One of the first investigators to assess the cardiorespiratory fitness levels of persons with cerebral palsy was the Swedish physiologist, Ake Lundberg. The aim of one of Lundberg's earlier studies was to determine the maximal aerobic power of persons with spastic cerebral palsy. Lundberg measured the aerobic power of nine children and five young men with spastic diplegia. Nine children without disabilities and five men without disabilities served as the control group. The degree of disability ranged from slight (no aids to ambulate) to severe (six of the 14 subjects used a wheelchair). All tests were performed on a mechanically braked bicycle ergometer. Results showed that the subjects with cerebral palsy had lower values for heart rate, oxygen uptake, ventilation, and blood lactate concentrations compared to the control group. Physical work capacity at 170 beats per minute was only 50 percent of the non-disabled controls.

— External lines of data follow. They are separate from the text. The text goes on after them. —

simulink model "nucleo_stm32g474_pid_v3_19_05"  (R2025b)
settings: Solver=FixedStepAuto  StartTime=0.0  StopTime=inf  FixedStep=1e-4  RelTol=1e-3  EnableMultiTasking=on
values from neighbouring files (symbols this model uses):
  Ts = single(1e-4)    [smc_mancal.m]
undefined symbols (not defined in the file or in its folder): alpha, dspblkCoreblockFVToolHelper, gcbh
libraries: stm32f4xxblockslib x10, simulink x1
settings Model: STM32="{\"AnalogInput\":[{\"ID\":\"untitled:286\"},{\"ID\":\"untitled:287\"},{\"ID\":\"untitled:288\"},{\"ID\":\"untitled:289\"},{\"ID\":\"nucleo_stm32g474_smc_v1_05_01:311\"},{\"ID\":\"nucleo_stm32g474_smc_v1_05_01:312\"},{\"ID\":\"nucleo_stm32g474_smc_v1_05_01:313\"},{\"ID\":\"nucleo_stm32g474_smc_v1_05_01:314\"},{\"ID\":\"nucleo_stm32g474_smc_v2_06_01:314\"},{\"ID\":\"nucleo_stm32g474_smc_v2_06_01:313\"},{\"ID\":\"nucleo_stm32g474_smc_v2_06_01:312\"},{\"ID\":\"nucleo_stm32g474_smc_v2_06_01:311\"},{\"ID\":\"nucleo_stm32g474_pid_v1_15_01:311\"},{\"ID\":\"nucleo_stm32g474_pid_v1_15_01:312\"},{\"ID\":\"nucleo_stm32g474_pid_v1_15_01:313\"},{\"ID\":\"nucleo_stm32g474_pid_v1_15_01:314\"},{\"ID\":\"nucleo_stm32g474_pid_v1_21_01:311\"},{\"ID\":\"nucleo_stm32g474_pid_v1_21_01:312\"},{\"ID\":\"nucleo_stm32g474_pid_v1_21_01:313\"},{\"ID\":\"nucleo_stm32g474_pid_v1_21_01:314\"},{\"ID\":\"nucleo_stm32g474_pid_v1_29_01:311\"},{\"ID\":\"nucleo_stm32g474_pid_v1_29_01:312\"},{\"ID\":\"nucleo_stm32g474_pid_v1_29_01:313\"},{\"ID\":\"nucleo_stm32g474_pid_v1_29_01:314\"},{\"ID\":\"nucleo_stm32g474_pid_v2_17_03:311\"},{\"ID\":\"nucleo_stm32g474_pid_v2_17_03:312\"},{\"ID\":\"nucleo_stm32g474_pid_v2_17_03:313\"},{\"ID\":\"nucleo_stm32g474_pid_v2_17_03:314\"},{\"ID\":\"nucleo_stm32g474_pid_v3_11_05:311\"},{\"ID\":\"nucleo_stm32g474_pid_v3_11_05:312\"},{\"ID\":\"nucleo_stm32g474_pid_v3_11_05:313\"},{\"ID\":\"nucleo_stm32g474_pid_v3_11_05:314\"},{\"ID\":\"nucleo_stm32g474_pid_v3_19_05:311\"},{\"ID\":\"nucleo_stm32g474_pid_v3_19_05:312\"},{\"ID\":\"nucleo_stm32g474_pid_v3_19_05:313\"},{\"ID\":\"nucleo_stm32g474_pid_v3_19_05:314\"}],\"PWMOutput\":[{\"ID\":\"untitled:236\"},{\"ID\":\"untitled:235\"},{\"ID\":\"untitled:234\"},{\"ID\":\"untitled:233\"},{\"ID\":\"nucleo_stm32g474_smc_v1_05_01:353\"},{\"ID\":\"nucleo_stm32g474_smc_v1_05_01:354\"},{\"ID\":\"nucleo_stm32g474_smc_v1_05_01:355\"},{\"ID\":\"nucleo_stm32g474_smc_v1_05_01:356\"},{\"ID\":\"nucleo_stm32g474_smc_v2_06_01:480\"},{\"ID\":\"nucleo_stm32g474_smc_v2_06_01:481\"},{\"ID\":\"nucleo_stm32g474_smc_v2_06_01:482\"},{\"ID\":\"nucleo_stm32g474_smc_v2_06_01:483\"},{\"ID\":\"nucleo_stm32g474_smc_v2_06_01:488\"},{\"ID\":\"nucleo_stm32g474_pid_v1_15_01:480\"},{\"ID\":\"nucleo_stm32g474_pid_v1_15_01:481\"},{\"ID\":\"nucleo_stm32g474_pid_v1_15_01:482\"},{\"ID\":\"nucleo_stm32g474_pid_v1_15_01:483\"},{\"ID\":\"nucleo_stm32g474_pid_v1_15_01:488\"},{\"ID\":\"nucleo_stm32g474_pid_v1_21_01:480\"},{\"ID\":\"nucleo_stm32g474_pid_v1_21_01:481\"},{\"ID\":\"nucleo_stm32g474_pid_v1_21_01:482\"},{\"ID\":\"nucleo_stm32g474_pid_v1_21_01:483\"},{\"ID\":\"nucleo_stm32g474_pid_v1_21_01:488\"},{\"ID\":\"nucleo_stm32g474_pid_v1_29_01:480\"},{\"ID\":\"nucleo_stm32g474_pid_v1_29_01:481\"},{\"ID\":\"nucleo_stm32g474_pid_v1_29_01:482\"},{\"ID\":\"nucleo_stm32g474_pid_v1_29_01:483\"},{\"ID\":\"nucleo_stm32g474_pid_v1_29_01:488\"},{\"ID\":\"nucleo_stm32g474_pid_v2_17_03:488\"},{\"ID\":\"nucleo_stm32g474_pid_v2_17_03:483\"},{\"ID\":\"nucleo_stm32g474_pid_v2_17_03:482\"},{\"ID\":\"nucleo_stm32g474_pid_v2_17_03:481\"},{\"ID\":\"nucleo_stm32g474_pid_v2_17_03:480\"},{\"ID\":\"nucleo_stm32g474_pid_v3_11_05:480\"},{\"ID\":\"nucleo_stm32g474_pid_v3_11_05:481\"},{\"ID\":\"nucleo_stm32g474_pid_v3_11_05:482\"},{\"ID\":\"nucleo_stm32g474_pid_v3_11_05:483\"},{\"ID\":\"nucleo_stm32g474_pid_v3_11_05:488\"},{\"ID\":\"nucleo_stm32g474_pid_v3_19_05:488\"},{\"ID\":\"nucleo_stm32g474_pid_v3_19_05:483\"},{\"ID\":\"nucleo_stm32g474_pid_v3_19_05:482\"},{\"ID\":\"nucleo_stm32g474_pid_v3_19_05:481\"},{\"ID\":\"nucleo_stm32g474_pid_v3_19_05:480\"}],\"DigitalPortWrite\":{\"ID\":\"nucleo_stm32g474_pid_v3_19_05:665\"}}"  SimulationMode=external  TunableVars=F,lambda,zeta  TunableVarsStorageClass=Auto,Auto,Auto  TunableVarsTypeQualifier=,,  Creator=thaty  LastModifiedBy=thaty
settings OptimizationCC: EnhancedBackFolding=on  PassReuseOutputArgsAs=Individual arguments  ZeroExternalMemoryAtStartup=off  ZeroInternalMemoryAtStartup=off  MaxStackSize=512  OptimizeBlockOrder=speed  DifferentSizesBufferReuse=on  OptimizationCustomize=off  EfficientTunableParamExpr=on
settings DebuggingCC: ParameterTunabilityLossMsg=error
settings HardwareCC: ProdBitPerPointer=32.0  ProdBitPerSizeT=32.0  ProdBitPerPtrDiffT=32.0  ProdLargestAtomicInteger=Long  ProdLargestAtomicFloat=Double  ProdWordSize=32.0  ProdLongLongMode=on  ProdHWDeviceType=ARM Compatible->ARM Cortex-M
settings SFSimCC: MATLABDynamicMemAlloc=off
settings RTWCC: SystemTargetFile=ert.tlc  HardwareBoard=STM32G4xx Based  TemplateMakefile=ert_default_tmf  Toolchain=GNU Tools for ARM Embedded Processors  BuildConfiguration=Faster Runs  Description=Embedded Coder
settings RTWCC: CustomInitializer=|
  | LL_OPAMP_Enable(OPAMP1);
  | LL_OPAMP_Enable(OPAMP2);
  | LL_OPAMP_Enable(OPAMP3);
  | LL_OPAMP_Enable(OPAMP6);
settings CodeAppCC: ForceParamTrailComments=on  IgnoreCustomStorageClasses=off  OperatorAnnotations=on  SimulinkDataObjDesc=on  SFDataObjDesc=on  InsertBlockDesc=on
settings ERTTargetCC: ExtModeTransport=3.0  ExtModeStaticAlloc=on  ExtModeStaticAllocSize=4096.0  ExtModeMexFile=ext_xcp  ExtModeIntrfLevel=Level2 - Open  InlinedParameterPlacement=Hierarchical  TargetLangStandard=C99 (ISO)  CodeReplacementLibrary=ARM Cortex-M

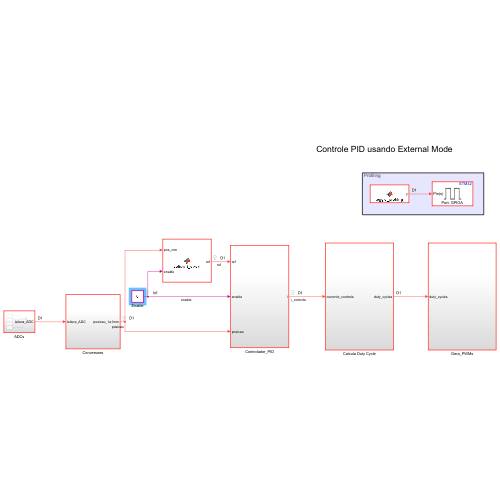
[thumbnail: Simulink's stored preview of the top-level diagram]
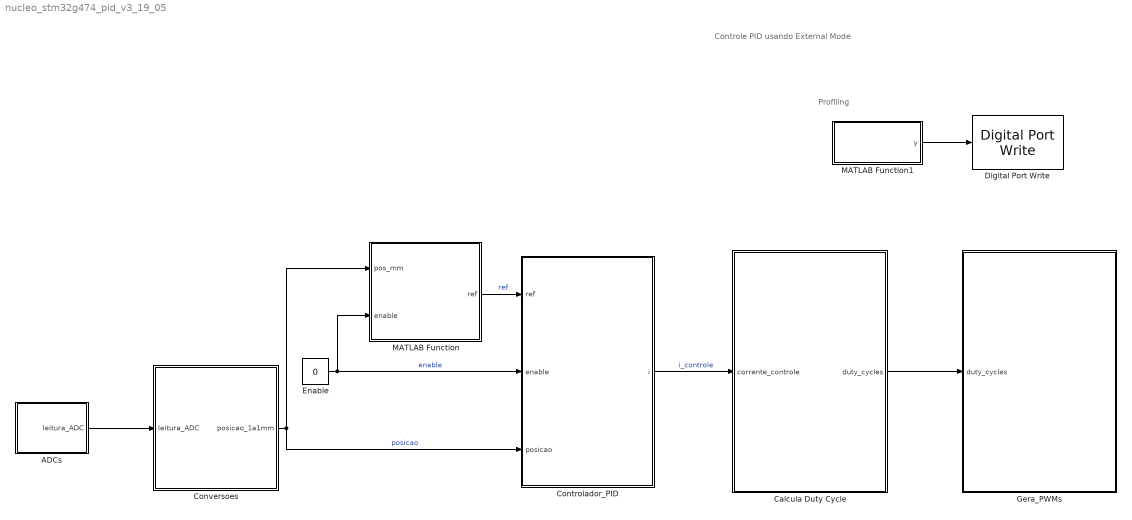
== system nucleo_stm32g474_pid_v3_19_05 ==
  note: Profiling
  note: Controle PID usando External Mode
  ADCs : Subsystem
  Calcula Duty Cycle : Subsystem
  Controlador_PID : Subsystem
  Conversoes : Subsystem
  Digital Port Write : stm32f4xxblockslib/Digital Port Write  PortName=GPIOA  PinNumber=[5]  ReadOperation=off  IOAsArray=on  EnableSimPort=off  hoistedMaskSrc=ECSoC/ECSimCodegen/Digital Port Write
      settings: LibrarySourceBlock=stm32g4xxblockslib/Digital Port Write
  Enable : Constant  Value=0
  Gera_PWMs : Subsystem
  MATLAB Function : MATLAB Function  TreatAsAtomicUnit=on
  MATLAB Function1 : MATLAB Function  TreatAsAtomicUnit=on
  wires:
  ADCs/1(leitura_ADC) -> Conversoes/1(leitura_ADC)
  Conversoes/1(posicao_1a1mm) -> Controlador_PID/3(posicao), MATLAB Function/1(pos_mm)  "posicao"
  Calcula Duty Cycle/1(duty_cycles) -> Gera_PWMs/1(duty_cycles)
  Enable/1 -> MATLAB Function/2(enable), Controlador_PID/2(enable)  "enable"
  MATLAB Function1/1(y) -> Digital Port Write/1
  MATLAB Function/1(ref) -> Controlador_PID/1(ref)  "ref"
  Controlador_PID/1(i) -> Calcula Duty Cycle/1(corrente_controle)  "i_controle"

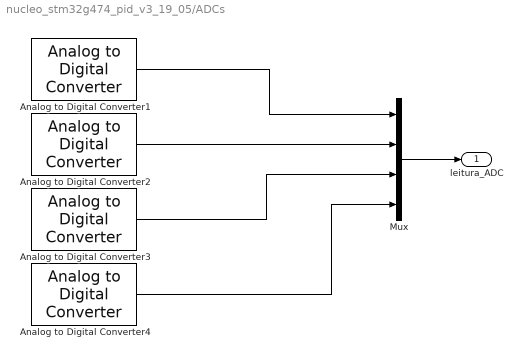
== system nucleo_stm32g474_pid_v3_19_05/ADCs ==
  Analog to Digital Converter1 : stm32f4xxblockslib/Analog to Digital Converter  ADCModule=ADC1  ConversionGroup=Regular  TriggerMode=Read results only  NumberOfConversions=1  EnableBufferConv=off  BufferLength=1  OutputStatus=off  SampleTime=-1  EnableSimPort=off  hoistedMaskSrc=ECSoC/ECSimCodegen/Analog to Digital Converter
  Analog to Digital Converter2 : stm32f4xxblockslib/Analog to Digital Converter  ADCModule=ADC2  ConversionGroup=Regular  TriggerMode=Read results only  NumberOfConversions=1  EnableBufferConv=off  BufferLength=1  OutputStatus=off  SampleTime=-1  EnableSimPort=off  hoistedMaskSrc=ECSoC/ECSimCodegen/Analog to Digital Converter
  Analog to Digital Converter3 : stm32f4xxblockslib/Analog to Digital Converter  ADCModule=ADC3  ConversionGroup=Regular  TriggerMode=Read results only  NumberOfConversions=1  EnableBufferConv=off  BufferLength=1  OutputStatus=off  SampleTime=-1  EnableSimPort=off  hoistedMaskSrc=ECSoC/ECSimCodegen/Analog to Digital Converter
  Analog to Digital Converter4 : stm32f4xxblockslib/Analog to Digital Converter  ADCModule=ADC4  ConversionGroup=Regular  TriggerMode=Read results only  NumberOfConversions=1  EnableBufferConv=off  BufferLength=1  OutputStatus=off  SampleTime=-1  EnableSimPort=off  hoistedMaskSrc=ECSoC/ECSimCodegen/Analog to Digital Converter
  Mux : Mux
  leitura_ADC : Outport
  wires:
  Mux/1 -> leitura_ADC/1
  Analog to Digital Converter1/1 -> Mux/1
  Analog to Digital Converter2/1 -> Mux/2
  Analog to Digital Converter3/1 -> Mux/3
  Analog to Digital Converter4/1 -> Mux/4

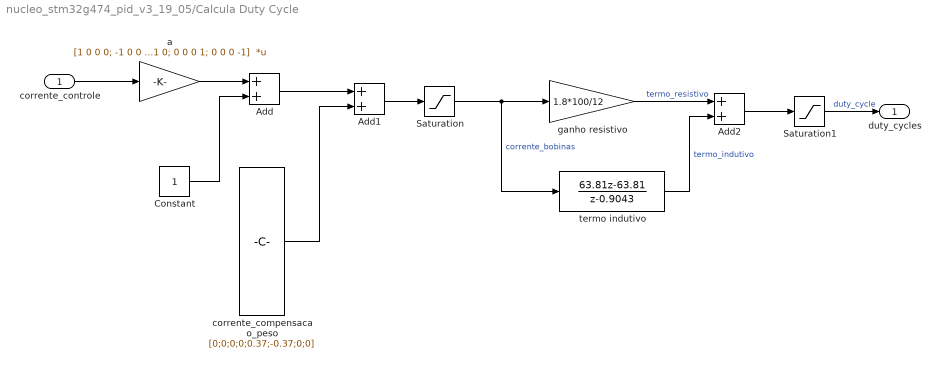
== system nucleo_stm32g474_pid_v3_19_05/Calcula Duty Cycle ==
  corrente_controle : Inport
  Add : Sum  OutDataTypeStr=single  AccumDataTypeStr=single
  Add1 : Sum  OutDataTypeStr=single  AccumDataTypeStr=single
  Add2 : Sum  OutDataTypeStr=single  AccumDataTypeStr=single
  Constant : Constant
  Saturation : Saturate  UpperLimit=3  LowerLimit=0
  Saturation1 : Saturate  UpperLimit=50  LowerLimit=0
  a : Gain  Gain=[1 0 0 0; -1 0 0 0; 0 1 0 0; 0 -1 0 0; 0 0 1 0; 0 0 -1 0; 0 0 0 1; 0 0 0 -1]  Multiplication=Matrix(K*u)  ParamDataTypeStr=single  OutDataTypeStr=single
  corrente_compensacao_peso : Constant  Value=[0;0;0;0;0.37;-0.37;0;0]  VectorParams1D=off  OutDataTypeStr=single
  ganho resistivo : Gain  Gain=1.8*100/12  OutDataTypeStr=single
  termo indutivo : DiscreteTransferFcn  LoadFcn=dspblkCoreblockFVToolHelper(gcbh,'load');  Numerator=[63.81 -63.81]  Denominator=[1 -0.9043]
      settings: CopyFcn=dspblkCoreblockFVToolHelper(gcbh,'copy');  DeleteFcn=dspblkCoreblockFVToolHelper(gcbh,'close');  ModelCloseFcn=dspblkCoreblockFVToolHelper(gcbh,'close');  PreSaveFcn=dspblkCoreblockFVToolHelper(gcbh,'presave');  PostSaveFcn=dspblkCoreblockFVToolHelper(gcbh,'postsave');  CloseFcn=dspblkCoreblockFVToolHelper(gcbh,'close');
  duty_cycles : Outport  VectorParamsAs1DForOutWhenUnconnected=off
  wires:
  Add2/1 -> Saturation1/1
  a/1 -> Add/1
  Add/1 -> Add1/1
  Add1/1 -> Saturation/1
  Saturation/1 -> termo indutivo/1, ganho resistivo/1  "corrente_bobinas"
  corrente_controle/1 -> a/1
  ganho resistivo/1 -> Add2/1  "termo_resistivo"
  termo indutivo/1 -> Add2/2  "termo_indutivo"
  Saturation1/1 -> duty_cycles/1  "duty_cycle"
  Constant/1 -> Add/2
  corrente_compensacao_peso/1 -> Add1/2

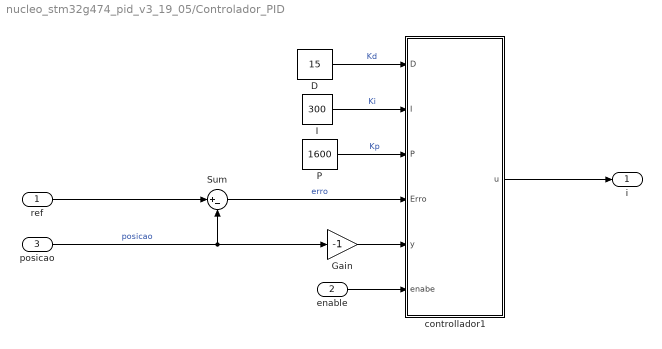
== system nucleo_stm32g474_pid_v3_19_05/Controlador_PID ==
  ref : Inport
  enable : Inport  Port=2
  posicao : Inport  Port=3
  " controllador1" : Subsystem
  D : Constant  Value=15
  Gain : Gain  Gain=-1
  I : Constant  Value=300
  P : Constant  Value=1600
  Sum : Sum  Inputs=|+-  OutDataTypeStr=single  AccumDataTypeStr=single
  i : Outport
  wires:
  ref/1 -> Sum/1
  posicao/1 -> Sum/2, Gain/1  "posicao"
  " controllador1"/1(u) -> i/1
  Sum/1 -> " controllador1"/4(Erro)  "erro"
  Gain/1 -> " controllador1"/5(y)
  P/1 -> " controllador1"/3(P)  "Kp"
  I/1 -> " controllador1"/2(I)  "Ki"
  D/1 -> " controllador1"/1(D)  "Kd"
  enable/1 -> " controllador1"/6(enabe)

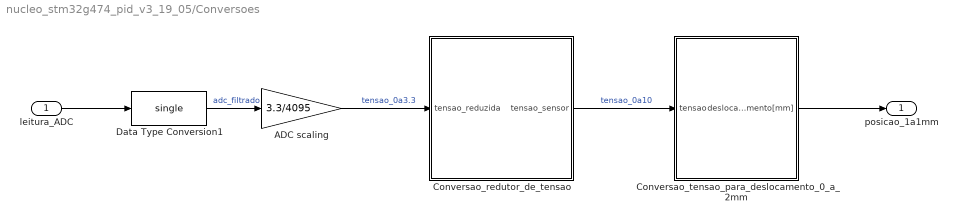
== system nucleo_stm32g474_pid_v3_19_05/Conversoes ==
  leitura_ADC : Inport
  ADC scaling : Gain  Gain=3.3/4095  ParamDataTypeStr=single  OutDataTypeStr=single
  Conversao_redutor_de_tensao : Subsystem
  Conversao_tensao_para_deslocamento_0_a_2mm : Subsystem
  Data Type Conversion1 : DataTypeConversion  OutDataTypeStr=single  SaturateOnIntegerOverflow=off  RndMeth=Floor
  posicao_1a1mm : Outport
  wires:
  Data Type Conversion1/1 -> ADC scaling/1  "adc_filtrado"
  ADC scaling/1 -> Conversao_redutor_de_tensao/1(tensao_reduzida)  "tensao_0a3.3"
  Conversao_redutor_de_tensao/1(tensao_sensor) -> Conversao_tensao_para_deslocamento_0_a_2mm/1(tensao)  "tensao_0a10"
  leitura_ADC/1 -> Data Type Conversion1/1
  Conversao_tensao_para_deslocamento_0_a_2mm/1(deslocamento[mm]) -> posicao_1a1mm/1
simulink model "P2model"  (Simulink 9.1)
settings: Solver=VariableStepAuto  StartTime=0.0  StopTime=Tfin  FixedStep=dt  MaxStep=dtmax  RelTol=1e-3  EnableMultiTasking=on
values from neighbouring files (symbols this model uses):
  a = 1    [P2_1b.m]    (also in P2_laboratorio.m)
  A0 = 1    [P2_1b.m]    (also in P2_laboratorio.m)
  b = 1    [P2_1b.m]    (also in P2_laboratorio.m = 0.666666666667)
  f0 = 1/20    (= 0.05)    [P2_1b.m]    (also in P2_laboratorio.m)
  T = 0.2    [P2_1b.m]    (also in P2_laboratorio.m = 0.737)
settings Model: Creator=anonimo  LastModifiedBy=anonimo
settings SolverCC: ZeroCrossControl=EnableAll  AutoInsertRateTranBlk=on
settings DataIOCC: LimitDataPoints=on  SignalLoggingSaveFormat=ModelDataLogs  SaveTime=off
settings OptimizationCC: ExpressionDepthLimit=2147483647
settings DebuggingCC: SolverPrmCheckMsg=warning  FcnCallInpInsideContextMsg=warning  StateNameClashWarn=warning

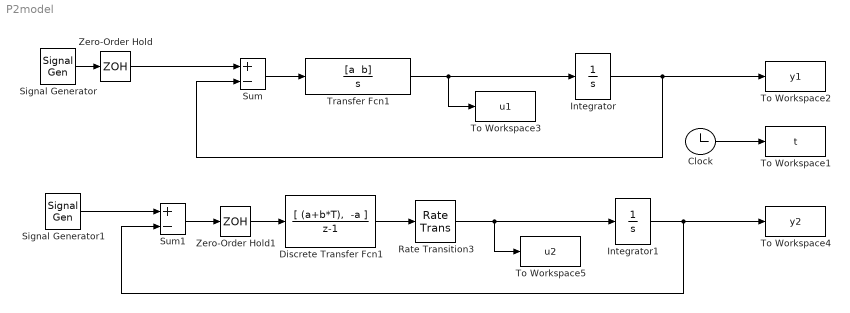
== system P2model ==
  Clock : Clock
  Discrete Transfer Fcn1 : DiscreteTransferFcn  Numerator="[ (a+b*T),  -a ]"  Denominator="[ 1,  -1]"  SampleTime=T
  Integrator : Integrator
  Integrator1 : Integrator
  Rate Transition3 : RateTransition  Deterministic=off
  Signal Generator : SignalGenerator  WaveForm=square  Amplitude=A0  Frequency=f0
  Signal Generator1 : SignalGenerator  WaveForm=square  Amplitude=A0  Frequency=f0
  Sum : Sum  Inputs=+-
  Sum1 : Sum  Inputs=+-
  To Workspace1 : ToWorkspace  VariableName=t  SampleTime=-1
  To Workspace2 : ToWorkspace  VariableName=y1  SampleTime=-1
  To Workspace3 : ToWorkspace  VariableName=u1  SampleTime=-1
  To Workspace4 : ToWorkspace  VariableName=y2  SampleTime=-1
  To Workspace5 : ToWorkspace  VariableName=u2  SampleTime=-1
  Transfer Fcn1 : TransferFcn  Numerator="[a  b]"  Denominator=[1 0]
  Zero-Order Hold : ZeroOrderHold  SampleTime=T
  Zero-Order Hold1 : ZeroOrderHold  SampleTime=T
  wires:
  Sum/1 -> Transfer Fcn1/1
  Integrator/1 -> Sum/2, To Workspace2/1
  Rate Transition3/1 -> To Workspace5/1, Integrator1/1
  Clock/1 -> To Workspace1/1
  Integrator1/1 -> Sum1/2, To Workspace4/1
  Signal Generator/1 -> Zero-Order Hold/1
  Transfer Fcn1/1 -> To Workspace3/1, Integrator/1
  Discrete Transfer Fcn1/1 -> Rate Transition3/1
  Zero-Order Hold1/1 -> Discrete Transfer Fcn1/1
  Sum1/1 -> Zero-Order Hold1/1
  Signal Generator1/1 -> Sum1/1
  Zero-Order Hold/1 -> Sum/1

In a later study, Lundberg examined longitudinally the physical work capacity and aerobic power in 19 children with spastic diplegia, and compared them to a control group of 12 non-disabled children of the same age and sex. The degree of impairment ranged from slight (no aids required to ambulate, six boys and three girls) to fairly severe (six boys and four girls, eight of whom used a wheelchair). Heart rate, oxygen consumption (VO2), physical work capacity at heart rate 170, pulmonary ventilation, and blood lactate concentrations were measured during submaximal and maximal work on a bicycle ergometer two or three times a year over a six-year period. Levels of fitness (VO2 and physical work capacity) were higher for the control group compared to subjects with cerebral palsy, but over the six-year period this gap did not increase. Interestingly, absolute values for aerobic power and physical work capacity increased from 12 to 18 years in both groups.
In 1990, Fernandez, Pitetti and Betzen evaluated the aerobic capacity of nine ambulatory adults with spastic cerebral palsy and concluded that their cardiorespiratory fitness levels were very poor.
As a follow up to this research, Pitetti et al. developed a cardiorespiratory conditioning program for seven ambulatory adults with spastic cerebral palsy to try to improve their functional capacity (peak VO2). A secondary purpose of the study was to determine if after an 8-week training program, subjects would continue to exercise on their own. Subjects exercised on a Schwinn Air-Dyne bicycle ergometer twice a week for 30 minutes at a work intensity between 40 to 70% of peak VO2. Significant improvements in peak VO2 were achieved at the end of the 8-week program (average improvement was 12%).
The researchers concluded that cardiorespiratory fitness improved in seven adults with cerebral palsy who trained on a Schwinn Air-Dyne for eight weeks. However, once the study ended, only one subject continued to exercise. When developing exercise programs for persons with cerebral palsy, it is important to consider the barriers to exercise and determinants of exercise in this population. The best exercise guidelines in the world will have little impact if substantial barriers (i.e., transportation, cost, medical concerns, etc.) cannot be overcome. However, once the study ended, only one adult continued to exercise. The investigators concluded that the cardiorespiratory fitness levels of adults with cerebral palsy were very low, and suggested a strong need for further research to determine the most appropriate training regimens for improving cardiorespiratory fitness in this population.